Hace unas semanas, Gloria Virginia me preguntó con quiénes, vivos o muertos,
quisiera o hubiera querido conversar. Entre los que ya se han ido, mi encuentro
con Chesterton no lo cambiaría por ninguno. En cuanto a los vivos, tuve que
pensar mucho para concluir que el único con quien tendría esa ilusión sería
George Steiner.
El primer libro de Steiner que leí fue Lenguaje y silencio y me ayudó a
entender que mi extrañeza frente al mundo podía encontrar expresión en la
literatura. Por eso me emocionó tanto encontrar hace poco una entrevista en la
que Steiner, a sus 88 años, se expresa con el tono agridulce de las despedidas.
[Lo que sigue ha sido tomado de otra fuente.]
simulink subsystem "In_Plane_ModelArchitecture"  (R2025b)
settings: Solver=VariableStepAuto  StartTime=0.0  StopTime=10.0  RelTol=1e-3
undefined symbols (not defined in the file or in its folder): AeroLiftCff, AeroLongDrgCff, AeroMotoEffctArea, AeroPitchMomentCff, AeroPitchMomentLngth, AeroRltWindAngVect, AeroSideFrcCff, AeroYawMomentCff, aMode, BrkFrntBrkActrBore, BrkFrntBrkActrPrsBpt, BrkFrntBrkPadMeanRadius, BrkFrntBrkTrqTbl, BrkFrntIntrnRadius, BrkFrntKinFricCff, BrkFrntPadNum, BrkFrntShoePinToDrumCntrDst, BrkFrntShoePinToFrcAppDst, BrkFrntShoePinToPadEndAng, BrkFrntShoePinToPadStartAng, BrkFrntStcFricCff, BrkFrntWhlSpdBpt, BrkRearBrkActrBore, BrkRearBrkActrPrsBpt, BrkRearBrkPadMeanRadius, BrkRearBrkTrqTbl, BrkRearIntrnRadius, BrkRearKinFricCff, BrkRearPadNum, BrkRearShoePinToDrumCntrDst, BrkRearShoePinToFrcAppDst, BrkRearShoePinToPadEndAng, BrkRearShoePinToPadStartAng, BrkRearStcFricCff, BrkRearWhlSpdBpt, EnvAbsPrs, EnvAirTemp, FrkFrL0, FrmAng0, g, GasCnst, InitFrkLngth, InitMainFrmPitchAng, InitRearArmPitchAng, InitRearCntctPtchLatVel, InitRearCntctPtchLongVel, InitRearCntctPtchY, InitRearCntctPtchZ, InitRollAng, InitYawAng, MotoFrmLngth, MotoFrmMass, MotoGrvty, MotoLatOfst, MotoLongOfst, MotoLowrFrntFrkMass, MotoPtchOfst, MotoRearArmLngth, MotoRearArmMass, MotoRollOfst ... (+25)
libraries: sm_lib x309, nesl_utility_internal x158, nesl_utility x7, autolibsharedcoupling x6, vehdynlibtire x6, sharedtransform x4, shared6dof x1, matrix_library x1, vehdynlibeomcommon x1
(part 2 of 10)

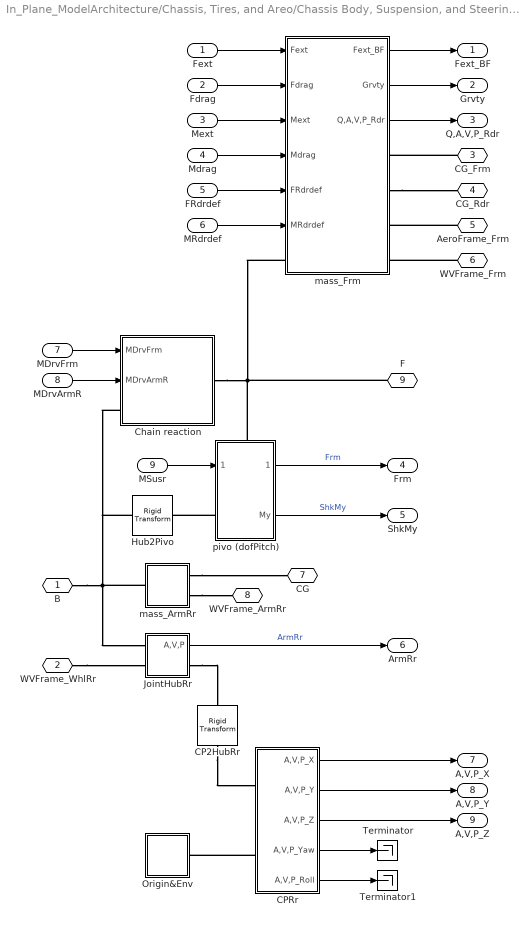
== system In_Plane_ModelArchitecture/Chassis, Tires, and Areo/Chassis Body, Suspension, and Steering/CHASSIS/Chassis body ==
  Fext : Inport
  Fdrag : Inport  Port=2
  Mext : Inport  Port=3
  Mdrag : Inport  Port=4
  FRdrdef : Inport  Port=5
  MRdrdef : Inport  Port=6
  MDrvFrm : Inport  Port=7
  MDrvArmR : Inport  Port=8
  MSusr : Inport  Port=9
  CP2HubRr : sm_lib/Frames and Transforms/Rigid Transform  RotationMethod=None  FollAlignAxisA=+X  BaseAlignAxisA=+Y  FollAlignAxisB=+Y  BaseAlignAxisB=+Z  RotationStandardAxis=+X  RotationAngle=0  RotationAngleUnits=rad  RotationArbitraryAxis=[0 0 1]  RotationSequenceAxes=FollowerAxes  RotationSequence=XYX  RotationSequenceAngles=[0 0 0]  RotationSequenceAnglesUnits=deg  RotationMatrix=[1 0 0; 0 1 0; 0 0 1]  Quaternion=[1 0 0 0]  TranslationMethod=Cartesian  TranslationCartesianOffset=[0 0 -TireRearWhlRadius]  TranslationCartesianOffsetUnits=m  TranslationStandardAxis=+X  TranslationStandardOffset=0  TranslationStandardOffsetUnits=m  TranslationROffset=0  TranslationROffsetUnits=m  TranslationThetaOffset=0  TranslationThetaOffsetUnits=deg  TranslationZOffset=0  TranslationZOffsetUnits=m
  CPRr : Subsystem
  Chain reaction : Subsystem
  Hub2Pivo : sm_lib/Frames and Transforms/Rigid Transform  RotationMethod=None  FollAlignAxisA=+X  BaseAlignAxisA=+Y  FollAlignAxisB=+Y  BaseAlignAxisB=+Z  RotationStandardAxis=+X  RotationAngle=0  RotationAngleUnits=rad  RotationArbitraryAxis=[0 0 1]  RotationSequenceAxes=FollowerAxes  RotationSequence=XYX  RotationSequenceAngles=[0 0 0]  RotationSequenceAnglesUnits=deg  RotationMatrix=[1 0 0; 0 1 0; 0 0 1]  Quaternion=[1 0 0 0]  TranslationMethod=Cartesian  TranslationCartesianOffset=[MotoRearArmLngth, 0, 0]  TranslationCartesianOffsetUnits=m  TranslationStandardAxis=+X  TranslationStandardOffset=0  TranslationStandardOffsetUnits=m  TranslationROffset=0  TranslationROffsetUnits=m  TranslationThetaOffset=0  TranslationThetaOffsetUnits=deg  TranslationZOffset=0  TranslationZOffsetUnits=m
  JointHubRr : Subsystem
  Origin&Env : Subsystem
  Terminator : Terminator
  Terminator1 : Terminator
  mass_ArmRr : Subsystem
  mass_Frm : Subsystem
  pivo (dofPitch) : Subsystem
      settings: PortSchema="{\"entries\":[{\"content\":{\"sides\":[{\"content\":{\"connectorIds\":[\"In1\",\"LConn1\"]},\"type\":\"ConnectorPlacement.EquallySpacedRectSide\",\"uuid\":\"d72cb2b8-1ccd-4071-b85d-9d7143d20021\"},{\"content\":{\"connectorIds\":[\"Out1\",\"Out2\"],\"side\":\"RIGHT\"},\"type\":\"ConnectorPlacement.EquallySpacedRectSide\",\"uuid\":\"efa87c73-460e-407d-bcdf-c587dc7c6fe7\"},{\"content\":{\"connectorIds\":[\"LConn2\"],\"side\":\"TOP\"},\"type\":\"ConnectorPlacement.EquallySpacedRectSide\",\"uuid\":\"615b9486-8369-456a-bccf-ac297a497d74\"}]},\"type\":\"ConnectorPlacement.EquallySpacedConnector\",\"uuid\":\"67d2faff-bcf9-49f8-b2da-dac0f8f5d496\"}],\"packageUris\":[\"http://schema.mathworks.com/mf0/Connector/R2020b\"],\"version\":\"1.0\"}"
  B : PMIOPort  Side=Left
  WVFrame_WhlRr : PMIOPort  Port=2  Side=Left
  CG_Frm : PMIOPort  Port=3  Side=Right
  CG_Rdr : PMIOPort  Port=4  Side=Right
  AeroFrame_Frm : PMIOPort  Port=5  Side=Right
  WVFrame_Frm : PMIOPort  Port=6  Side=Right
  CG : PMIOPort  Port=7  Side=Right
  WVFrame_ArmRr : PMIOPort  Port=8  Side=Right
  F : PMIOPort  Port=9  Side=Right
  Fext_BF : Outport
  Grvty : Outport  Port=2
  Q,A,V,P_Rdr : Outport  Port=3
  Frm : Outport  Port=4
  ShkMy : Outport  Port=5
  ArmRr : Outport  Port=6
  A,V,P_X : Outport  Port=7
  A,V,P_Y : Outport  Port=8
  A,V,P_Z : Outport  Port=9
  wires:
  MRdrdef/1 -> mass_Frm/6(MRdrdef)
  pivo (dofPitch)/1(A,V,P) -> Frm/1  "Frm"
  MDrvFrm/1 -> Chain reaction/1(MDrvFrm)
  mass_Frm/1(Fext_BF) -> Fext_BF/1
  CPRr/2(A,V,P_Y) -> A,V,P_Y/1
  MDrvArmR/1 -> Chain reaction/2(MDrvArmR)
  Mext/1 -> mass_Frm/3(Mext)
  MSusr/1 -> pivo (dofPitch)/1(MSusr)
  CPRr/3(A,V,P_Z) -> A,V,P_Z/1
  pivo (dofPitch)/2(My) -> ShkMy/1  "ShkMy"
  JointHubRr/1(A,V,P) -> ArmRr/1  "ArmRr"
  CPRr/1(A,V,P_X) -> A,V,P_X/1
  Fdrag/1 -> mass_Frm/2(Fdrag)
  Mdrag/1 -> mass_Frm/4(Mdrag)
  FRdrdef/1 -> mass_Frm/5(FRdrdef)
  mass_Frm/3(Q,A,V,P_Rdr) -> Q,A,V,P_Rdr/1
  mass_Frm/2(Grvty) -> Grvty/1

Entre las muchas cosas que dijo en esa entrevista, Steiner especulaba que si
Shakespeare viviera hoy en día trabajaría para la televisión. La frase me quedó
resonando porque aún tenía viva la emoción de haber visto a Stephen Colbert, un
hombre que sin ser Shakespeare bien puede tener algo de su estatura.
A Colbert lo he seguido desde hace mucho. Su humor nace de
una herida profunda: el accidente de aviación que mató a su padre y dos
hermanos suyos. No me perdía la parodia con la que por años denunció la
hipocresía de la sociedad norteamericana. Cuando ascendió a la cima de la
televisión –como sucesor de David Letterman– pensé que Colbert estaba entrando
en su decadencia. Viéndolo forcejear con la presión de los anunciantes y las
políticas de su canal, viendo la manera temeraria como exhibe su catolicismo,
uno piensa que en cualquier momento se puede “quemar”. Pero, aunque eso
ocurriera, no dejaría de ser una de las mentes más brillantes que han pasado
por la televisión. A esa mente inquieta y deslumbrante tuve la suerte de verla
el lunes pasado.
Colbert no está en la lista de personas con quienes
quisiera conversar, porque frente a su inteligencia me sentiría como un idiota;
pero siempre quise asistir a la grabación de uno de sus programas. Valentina,
mi hija, consiguió las entradas. Mi hijo y yo nos instalamos emocionados en
el segundo nivel del pequeño y acogedor teatro Ed Sullivan, el mismo donde
medio siglo antes se presentaron los Beatles. Vi a Colbert decir sin
equivocarse las líneas que él y los escritores del programa habían preparado.
Se le vio salvar de la intrascendencia entrevistas que parecían no tener
rumbo. Coordinó escenas y dirigió al director. Lo que más me gustó fue verlo
cuando las cámaras no lo estaban grabando. Colbert fue más auténtico cuando
respondió preguntas del público antes de empezar el show. Llevo conmigo cada
gesto de esa humanidad pulida por la tragedia y el sentido religioso: su manera
obsesiva de morder el lapicero, sus miradas al reloj cuando la grabación
empezaba a prolongarse, la avidez con que asume su oportunidad. Pero, de todos
los momentos, me quedo con uno en especial.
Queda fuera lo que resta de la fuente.